$x^2 y'' + 3xy' + (1 - 2x)y = 0$
I plugged in the guess $y = x^s \sum_{n = 0}^\infty a_n x^n$ to get $(s^2 + 2s + 1)a_0 x^s + \sum_{n = 0}^\infty (n^2 + 2ns + s^2 + 2n + 2s + 1)a_n x^{n + s} - 2a_{n - 1}x^{n + s} = 0$.
The indicial equation indicates that $s = -1$ with Algebraic Multiplicity $2$, and the summation leads to the recurrence relation $a_n = \frac{2}{n^2 + 2ns + s^2 + 2n + 2s + 1} a_{n - 1}$. My understanding is that now I am supposed to solve this recurrence relation and take the partial derivative of the solution with respect to $s$ evaluated (after partial differentiation) at $s = -1$.
So far, I haven't been able to find any really good techniques to solve the recurrence relations produced by power series ODE solution methods; I either write out some terms of the recurrence relation and pray that the pattern doesn't take half an hour to spot, or Wolfram the answer to the recurrence relation. Characteristic equations, generating functions, and $Z$-Transforms have been unhelpful due to the variable coefficients, and although intuition from analogy to ODEs tells me that first-order linear recurrences should be solvable even with variable coefficients, I have yet to find a reliable technique.
Often the pattern matching flash of insight doesn't come to me or takes an extreme amount of trial and error, and now that $s$'s have been introduced into the recurrence relations, the pattern matching approach has become even less productive. Unfortunately, Wolfram's answer to the recurrence relation ($a_0$ set to $\pi$ to prevent lumping) involves Gamma functions, which cannot be differentiated nicely (with or without logarithmic differentiation). I am unsure if the Gamma functions are allowed to be converted into factorials, since in this problem, $s = -1$ and therefore $s + 2$ and $n + s + 2$ are positive integers, but it certainly wouldn't be allowed in problems where $s$ was not an integer.

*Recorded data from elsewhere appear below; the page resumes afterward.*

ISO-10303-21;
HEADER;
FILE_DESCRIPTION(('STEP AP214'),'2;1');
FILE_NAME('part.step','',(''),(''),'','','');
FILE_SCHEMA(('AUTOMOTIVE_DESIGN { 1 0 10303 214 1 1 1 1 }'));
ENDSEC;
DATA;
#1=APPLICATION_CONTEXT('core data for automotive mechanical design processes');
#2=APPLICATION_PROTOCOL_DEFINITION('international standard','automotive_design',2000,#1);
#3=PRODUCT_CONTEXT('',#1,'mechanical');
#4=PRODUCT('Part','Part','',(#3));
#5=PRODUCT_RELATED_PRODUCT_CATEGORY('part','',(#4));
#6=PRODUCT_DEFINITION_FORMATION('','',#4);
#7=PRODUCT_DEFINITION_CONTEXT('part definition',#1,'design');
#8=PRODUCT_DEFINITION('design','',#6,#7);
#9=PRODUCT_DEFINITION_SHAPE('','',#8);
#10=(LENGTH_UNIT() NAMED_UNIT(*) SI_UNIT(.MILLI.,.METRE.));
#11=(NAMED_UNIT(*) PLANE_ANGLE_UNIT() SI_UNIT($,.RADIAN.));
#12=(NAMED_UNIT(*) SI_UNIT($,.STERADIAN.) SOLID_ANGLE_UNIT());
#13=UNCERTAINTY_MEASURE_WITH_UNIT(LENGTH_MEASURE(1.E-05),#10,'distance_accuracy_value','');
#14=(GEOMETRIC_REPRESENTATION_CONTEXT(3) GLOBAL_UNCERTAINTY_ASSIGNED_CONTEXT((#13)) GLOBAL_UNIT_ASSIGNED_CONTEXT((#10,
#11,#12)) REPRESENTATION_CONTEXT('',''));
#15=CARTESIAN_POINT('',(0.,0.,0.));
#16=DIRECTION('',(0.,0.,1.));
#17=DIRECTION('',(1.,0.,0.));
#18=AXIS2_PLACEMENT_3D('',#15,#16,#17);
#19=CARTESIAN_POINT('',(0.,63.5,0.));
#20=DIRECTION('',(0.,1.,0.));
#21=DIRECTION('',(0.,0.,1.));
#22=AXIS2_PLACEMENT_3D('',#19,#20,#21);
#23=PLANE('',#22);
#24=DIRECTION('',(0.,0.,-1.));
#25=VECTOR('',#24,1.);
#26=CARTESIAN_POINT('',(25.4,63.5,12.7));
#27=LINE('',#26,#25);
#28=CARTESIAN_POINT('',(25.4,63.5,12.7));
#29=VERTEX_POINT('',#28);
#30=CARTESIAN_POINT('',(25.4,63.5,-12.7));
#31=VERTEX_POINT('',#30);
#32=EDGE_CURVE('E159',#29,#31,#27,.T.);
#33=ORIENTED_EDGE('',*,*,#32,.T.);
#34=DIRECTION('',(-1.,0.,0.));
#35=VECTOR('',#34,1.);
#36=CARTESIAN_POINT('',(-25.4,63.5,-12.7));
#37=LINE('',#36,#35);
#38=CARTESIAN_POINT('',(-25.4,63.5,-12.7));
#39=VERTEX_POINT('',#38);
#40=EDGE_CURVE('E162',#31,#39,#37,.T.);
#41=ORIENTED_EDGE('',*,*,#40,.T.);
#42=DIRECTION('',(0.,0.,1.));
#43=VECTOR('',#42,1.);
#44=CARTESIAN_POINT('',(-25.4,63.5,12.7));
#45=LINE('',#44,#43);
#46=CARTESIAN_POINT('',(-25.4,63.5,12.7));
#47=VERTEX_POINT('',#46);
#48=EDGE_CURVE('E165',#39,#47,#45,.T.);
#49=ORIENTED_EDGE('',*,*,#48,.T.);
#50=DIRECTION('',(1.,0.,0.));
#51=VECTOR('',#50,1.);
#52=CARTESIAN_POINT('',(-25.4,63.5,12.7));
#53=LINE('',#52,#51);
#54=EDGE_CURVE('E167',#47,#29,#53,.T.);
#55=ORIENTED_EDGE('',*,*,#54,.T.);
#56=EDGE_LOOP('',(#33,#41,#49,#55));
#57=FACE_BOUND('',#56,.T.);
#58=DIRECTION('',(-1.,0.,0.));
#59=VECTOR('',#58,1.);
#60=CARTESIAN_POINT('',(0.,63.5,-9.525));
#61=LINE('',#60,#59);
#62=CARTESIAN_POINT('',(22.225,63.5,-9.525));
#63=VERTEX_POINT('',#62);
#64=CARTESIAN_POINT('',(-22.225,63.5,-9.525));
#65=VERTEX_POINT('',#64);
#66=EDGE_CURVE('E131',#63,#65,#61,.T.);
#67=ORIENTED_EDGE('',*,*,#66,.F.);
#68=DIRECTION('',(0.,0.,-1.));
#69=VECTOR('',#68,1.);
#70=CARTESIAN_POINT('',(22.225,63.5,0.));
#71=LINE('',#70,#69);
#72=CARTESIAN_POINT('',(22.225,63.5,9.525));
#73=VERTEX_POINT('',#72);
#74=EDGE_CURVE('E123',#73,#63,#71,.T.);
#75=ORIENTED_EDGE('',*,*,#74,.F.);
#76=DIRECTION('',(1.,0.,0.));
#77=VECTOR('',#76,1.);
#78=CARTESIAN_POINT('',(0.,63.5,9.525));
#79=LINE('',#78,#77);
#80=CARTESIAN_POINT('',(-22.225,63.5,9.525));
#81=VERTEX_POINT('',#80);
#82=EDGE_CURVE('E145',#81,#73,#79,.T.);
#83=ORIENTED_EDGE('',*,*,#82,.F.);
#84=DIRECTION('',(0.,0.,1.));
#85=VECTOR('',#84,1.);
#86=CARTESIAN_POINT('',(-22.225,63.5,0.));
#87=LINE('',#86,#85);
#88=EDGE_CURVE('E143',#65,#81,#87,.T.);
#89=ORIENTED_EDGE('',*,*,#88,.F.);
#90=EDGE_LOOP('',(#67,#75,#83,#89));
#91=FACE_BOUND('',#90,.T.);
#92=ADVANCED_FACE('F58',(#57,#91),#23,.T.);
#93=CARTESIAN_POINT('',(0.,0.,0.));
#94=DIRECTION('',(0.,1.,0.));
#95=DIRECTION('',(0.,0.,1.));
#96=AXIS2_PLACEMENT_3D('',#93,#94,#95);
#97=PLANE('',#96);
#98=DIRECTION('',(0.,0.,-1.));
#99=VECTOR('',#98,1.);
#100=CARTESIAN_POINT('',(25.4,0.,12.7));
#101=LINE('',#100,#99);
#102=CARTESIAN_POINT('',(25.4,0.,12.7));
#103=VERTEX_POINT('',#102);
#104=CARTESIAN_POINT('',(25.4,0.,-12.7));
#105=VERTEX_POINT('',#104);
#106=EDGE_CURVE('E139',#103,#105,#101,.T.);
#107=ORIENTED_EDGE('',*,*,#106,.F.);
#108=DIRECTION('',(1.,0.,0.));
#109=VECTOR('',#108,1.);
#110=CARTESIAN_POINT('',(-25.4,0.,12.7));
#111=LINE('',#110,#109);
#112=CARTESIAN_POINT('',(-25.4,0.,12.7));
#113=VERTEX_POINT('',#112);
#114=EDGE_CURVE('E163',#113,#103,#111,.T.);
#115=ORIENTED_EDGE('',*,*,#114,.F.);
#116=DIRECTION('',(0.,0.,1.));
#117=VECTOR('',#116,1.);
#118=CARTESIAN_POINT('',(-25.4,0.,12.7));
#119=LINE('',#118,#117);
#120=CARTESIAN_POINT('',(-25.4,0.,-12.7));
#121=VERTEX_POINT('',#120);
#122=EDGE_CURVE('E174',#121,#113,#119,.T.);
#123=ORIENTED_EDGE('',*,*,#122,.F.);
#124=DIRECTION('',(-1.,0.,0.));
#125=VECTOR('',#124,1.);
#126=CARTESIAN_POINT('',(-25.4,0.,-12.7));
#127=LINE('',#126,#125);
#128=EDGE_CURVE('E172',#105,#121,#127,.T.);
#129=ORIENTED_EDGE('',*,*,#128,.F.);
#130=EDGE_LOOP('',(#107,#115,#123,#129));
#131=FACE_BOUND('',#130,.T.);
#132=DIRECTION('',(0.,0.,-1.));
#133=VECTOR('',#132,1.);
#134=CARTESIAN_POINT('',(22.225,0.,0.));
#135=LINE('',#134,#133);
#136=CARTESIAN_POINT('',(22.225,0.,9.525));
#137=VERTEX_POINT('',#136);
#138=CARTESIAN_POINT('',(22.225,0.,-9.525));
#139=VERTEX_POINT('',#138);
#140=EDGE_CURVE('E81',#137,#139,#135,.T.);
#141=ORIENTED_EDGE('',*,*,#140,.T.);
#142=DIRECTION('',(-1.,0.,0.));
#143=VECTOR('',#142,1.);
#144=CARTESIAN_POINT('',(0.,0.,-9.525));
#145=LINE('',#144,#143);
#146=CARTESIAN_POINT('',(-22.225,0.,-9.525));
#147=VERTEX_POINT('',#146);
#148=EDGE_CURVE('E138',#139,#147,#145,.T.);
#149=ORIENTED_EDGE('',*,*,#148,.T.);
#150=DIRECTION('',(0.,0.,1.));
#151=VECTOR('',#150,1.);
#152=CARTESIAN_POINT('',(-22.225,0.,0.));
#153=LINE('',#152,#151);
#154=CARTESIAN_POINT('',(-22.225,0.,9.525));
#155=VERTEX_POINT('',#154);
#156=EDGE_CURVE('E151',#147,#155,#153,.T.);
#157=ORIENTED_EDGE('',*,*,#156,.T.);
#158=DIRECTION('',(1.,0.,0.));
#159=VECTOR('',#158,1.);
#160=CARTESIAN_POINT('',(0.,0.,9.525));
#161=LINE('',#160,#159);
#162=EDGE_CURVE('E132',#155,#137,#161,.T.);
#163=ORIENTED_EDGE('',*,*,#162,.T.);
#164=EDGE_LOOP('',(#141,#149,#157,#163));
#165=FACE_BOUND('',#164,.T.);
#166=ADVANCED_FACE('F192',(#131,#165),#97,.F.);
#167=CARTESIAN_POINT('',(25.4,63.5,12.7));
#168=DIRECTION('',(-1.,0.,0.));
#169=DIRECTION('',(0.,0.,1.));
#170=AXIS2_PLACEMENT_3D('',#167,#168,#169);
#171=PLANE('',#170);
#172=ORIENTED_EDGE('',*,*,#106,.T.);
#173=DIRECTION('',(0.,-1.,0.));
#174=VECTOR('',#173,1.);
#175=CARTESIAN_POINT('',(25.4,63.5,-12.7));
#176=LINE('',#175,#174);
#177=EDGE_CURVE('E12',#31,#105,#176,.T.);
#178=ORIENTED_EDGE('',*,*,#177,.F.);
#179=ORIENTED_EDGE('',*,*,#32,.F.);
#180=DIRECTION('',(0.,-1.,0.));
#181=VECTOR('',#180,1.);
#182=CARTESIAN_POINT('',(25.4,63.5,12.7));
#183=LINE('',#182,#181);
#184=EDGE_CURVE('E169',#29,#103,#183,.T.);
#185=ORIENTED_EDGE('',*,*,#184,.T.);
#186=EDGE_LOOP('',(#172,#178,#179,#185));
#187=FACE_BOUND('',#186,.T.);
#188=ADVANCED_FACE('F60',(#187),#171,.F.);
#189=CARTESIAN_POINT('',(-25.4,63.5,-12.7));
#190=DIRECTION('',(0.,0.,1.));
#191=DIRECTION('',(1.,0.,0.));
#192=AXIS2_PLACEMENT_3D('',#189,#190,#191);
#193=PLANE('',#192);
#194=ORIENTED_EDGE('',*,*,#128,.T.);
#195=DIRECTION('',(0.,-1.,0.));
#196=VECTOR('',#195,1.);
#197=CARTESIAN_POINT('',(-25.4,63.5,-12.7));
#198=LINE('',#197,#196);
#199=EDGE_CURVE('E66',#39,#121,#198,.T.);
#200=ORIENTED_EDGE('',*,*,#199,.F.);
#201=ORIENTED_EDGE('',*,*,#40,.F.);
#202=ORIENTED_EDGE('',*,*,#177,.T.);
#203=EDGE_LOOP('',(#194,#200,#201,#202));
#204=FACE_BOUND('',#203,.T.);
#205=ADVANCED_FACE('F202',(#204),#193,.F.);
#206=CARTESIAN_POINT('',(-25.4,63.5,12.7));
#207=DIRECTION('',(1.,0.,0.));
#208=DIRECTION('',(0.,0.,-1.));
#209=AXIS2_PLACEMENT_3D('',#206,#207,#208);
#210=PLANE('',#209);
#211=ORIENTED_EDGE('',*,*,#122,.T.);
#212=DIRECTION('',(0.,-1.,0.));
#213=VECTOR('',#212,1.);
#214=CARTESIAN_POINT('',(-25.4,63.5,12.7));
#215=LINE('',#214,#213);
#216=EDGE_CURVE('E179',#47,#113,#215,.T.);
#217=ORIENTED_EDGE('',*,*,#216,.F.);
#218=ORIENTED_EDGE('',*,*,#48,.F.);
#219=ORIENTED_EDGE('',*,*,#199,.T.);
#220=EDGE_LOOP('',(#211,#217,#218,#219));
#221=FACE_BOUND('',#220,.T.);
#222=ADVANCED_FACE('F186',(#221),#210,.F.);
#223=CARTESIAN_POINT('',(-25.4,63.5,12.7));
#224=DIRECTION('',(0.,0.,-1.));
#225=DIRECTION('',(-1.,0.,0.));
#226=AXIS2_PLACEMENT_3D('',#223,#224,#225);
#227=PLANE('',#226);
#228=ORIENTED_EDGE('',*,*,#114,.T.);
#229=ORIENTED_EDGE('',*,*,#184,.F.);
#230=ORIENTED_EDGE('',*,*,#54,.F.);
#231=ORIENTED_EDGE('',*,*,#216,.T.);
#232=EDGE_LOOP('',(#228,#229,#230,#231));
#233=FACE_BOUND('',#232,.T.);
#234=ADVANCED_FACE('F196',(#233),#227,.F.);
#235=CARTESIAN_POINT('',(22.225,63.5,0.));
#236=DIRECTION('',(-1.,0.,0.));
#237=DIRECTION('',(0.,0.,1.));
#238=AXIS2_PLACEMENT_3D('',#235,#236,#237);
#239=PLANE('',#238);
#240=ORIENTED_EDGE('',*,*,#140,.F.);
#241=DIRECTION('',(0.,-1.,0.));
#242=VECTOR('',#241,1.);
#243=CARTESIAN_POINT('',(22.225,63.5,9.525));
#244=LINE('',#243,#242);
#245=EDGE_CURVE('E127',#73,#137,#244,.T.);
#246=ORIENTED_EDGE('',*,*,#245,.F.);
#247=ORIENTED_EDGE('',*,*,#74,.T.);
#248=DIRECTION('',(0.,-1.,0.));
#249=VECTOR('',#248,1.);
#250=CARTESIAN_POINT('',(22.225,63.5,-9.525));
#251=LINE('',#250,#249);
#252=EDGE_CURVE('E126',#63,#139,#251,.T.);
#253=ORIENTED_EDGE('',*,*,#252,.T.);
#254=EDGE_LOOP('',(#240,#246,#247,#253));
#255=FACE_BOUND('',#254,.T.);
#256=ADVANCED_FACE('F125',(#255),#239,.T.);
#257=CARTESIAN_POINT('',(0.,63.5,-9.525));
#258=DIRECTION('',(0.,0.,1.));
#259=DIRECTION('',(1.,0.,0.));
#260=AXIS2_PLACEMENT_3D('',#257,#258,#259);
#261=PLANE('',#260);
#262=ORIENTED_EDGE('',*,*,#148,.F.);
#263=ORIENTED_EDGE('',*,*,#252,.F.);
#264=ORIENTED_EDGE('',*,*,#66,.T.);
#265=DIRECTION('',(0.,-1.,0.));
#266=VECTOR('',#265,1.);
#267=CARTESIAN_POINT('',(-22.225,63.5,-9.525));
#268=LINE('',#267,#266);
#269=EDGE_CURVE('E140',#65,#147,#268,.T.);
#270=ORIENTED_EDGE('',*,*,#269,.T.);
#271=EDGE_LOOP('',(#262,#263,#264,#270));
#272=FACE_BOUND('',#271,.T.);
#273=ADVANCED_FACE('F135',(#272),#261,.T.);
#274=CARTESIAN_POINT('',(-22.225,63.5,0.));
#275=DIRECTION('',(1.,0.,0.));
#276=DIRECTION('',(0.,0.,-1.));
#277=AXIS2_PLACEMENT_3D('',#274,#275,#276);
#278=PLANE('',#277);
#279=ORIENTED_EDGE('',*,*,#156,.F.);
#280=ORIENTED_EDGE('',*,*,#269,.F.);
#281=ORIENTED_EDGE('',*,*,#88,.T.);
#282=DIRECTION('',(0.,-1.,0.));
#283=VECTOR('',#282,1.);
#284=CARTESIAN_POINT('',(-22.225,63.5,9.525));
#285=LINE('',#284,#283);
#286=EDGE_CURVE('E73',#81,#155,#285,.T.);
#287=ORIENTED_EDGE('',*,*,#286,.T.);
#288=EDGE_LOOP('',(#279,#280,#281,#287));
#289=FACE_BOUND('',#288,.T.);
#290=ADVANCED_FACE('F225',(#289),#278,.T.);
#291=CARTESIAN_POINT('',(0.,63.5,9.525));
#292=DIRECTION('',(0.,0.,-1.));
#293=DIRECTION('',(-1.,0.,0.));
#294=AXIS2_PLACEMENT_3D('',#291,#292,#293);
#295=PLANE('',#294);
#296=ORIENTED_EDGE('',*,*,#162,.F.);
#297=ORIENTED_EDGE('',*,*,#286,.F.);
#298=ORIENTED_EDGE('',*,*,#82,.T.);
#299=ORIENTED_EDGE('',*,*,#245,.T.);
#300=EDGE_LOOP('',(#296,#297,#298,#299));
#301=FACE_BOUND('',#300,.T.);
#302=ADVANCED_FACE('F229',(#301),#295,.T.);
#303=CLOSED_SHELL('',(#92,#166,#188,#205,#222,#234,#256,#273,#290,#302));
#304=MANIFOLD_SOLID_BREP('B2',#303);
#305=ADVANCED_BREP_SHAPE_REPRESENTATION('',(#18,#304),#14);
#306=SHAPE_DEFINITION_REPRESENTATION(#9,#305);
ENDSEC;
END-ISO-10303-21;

My suspicion is that Wolfram is treating $s$ as a constant, but I need it to be treating both $n$ and $s$ as variables when solving the recurrence relation, since the plan is to partially differentiate with respect to $s$, and partially differentiating with respect to a constant won't work. However, Wolfram doesn't seem to do multivariable recurrence relations, and I have been once again unable to find techniques.
Am I understanding the prescription of Forbenius solution method correctly, or am I on the wrong track? How can I proceed with recurrence relations like this when the solution isn't obvious from writing out terms?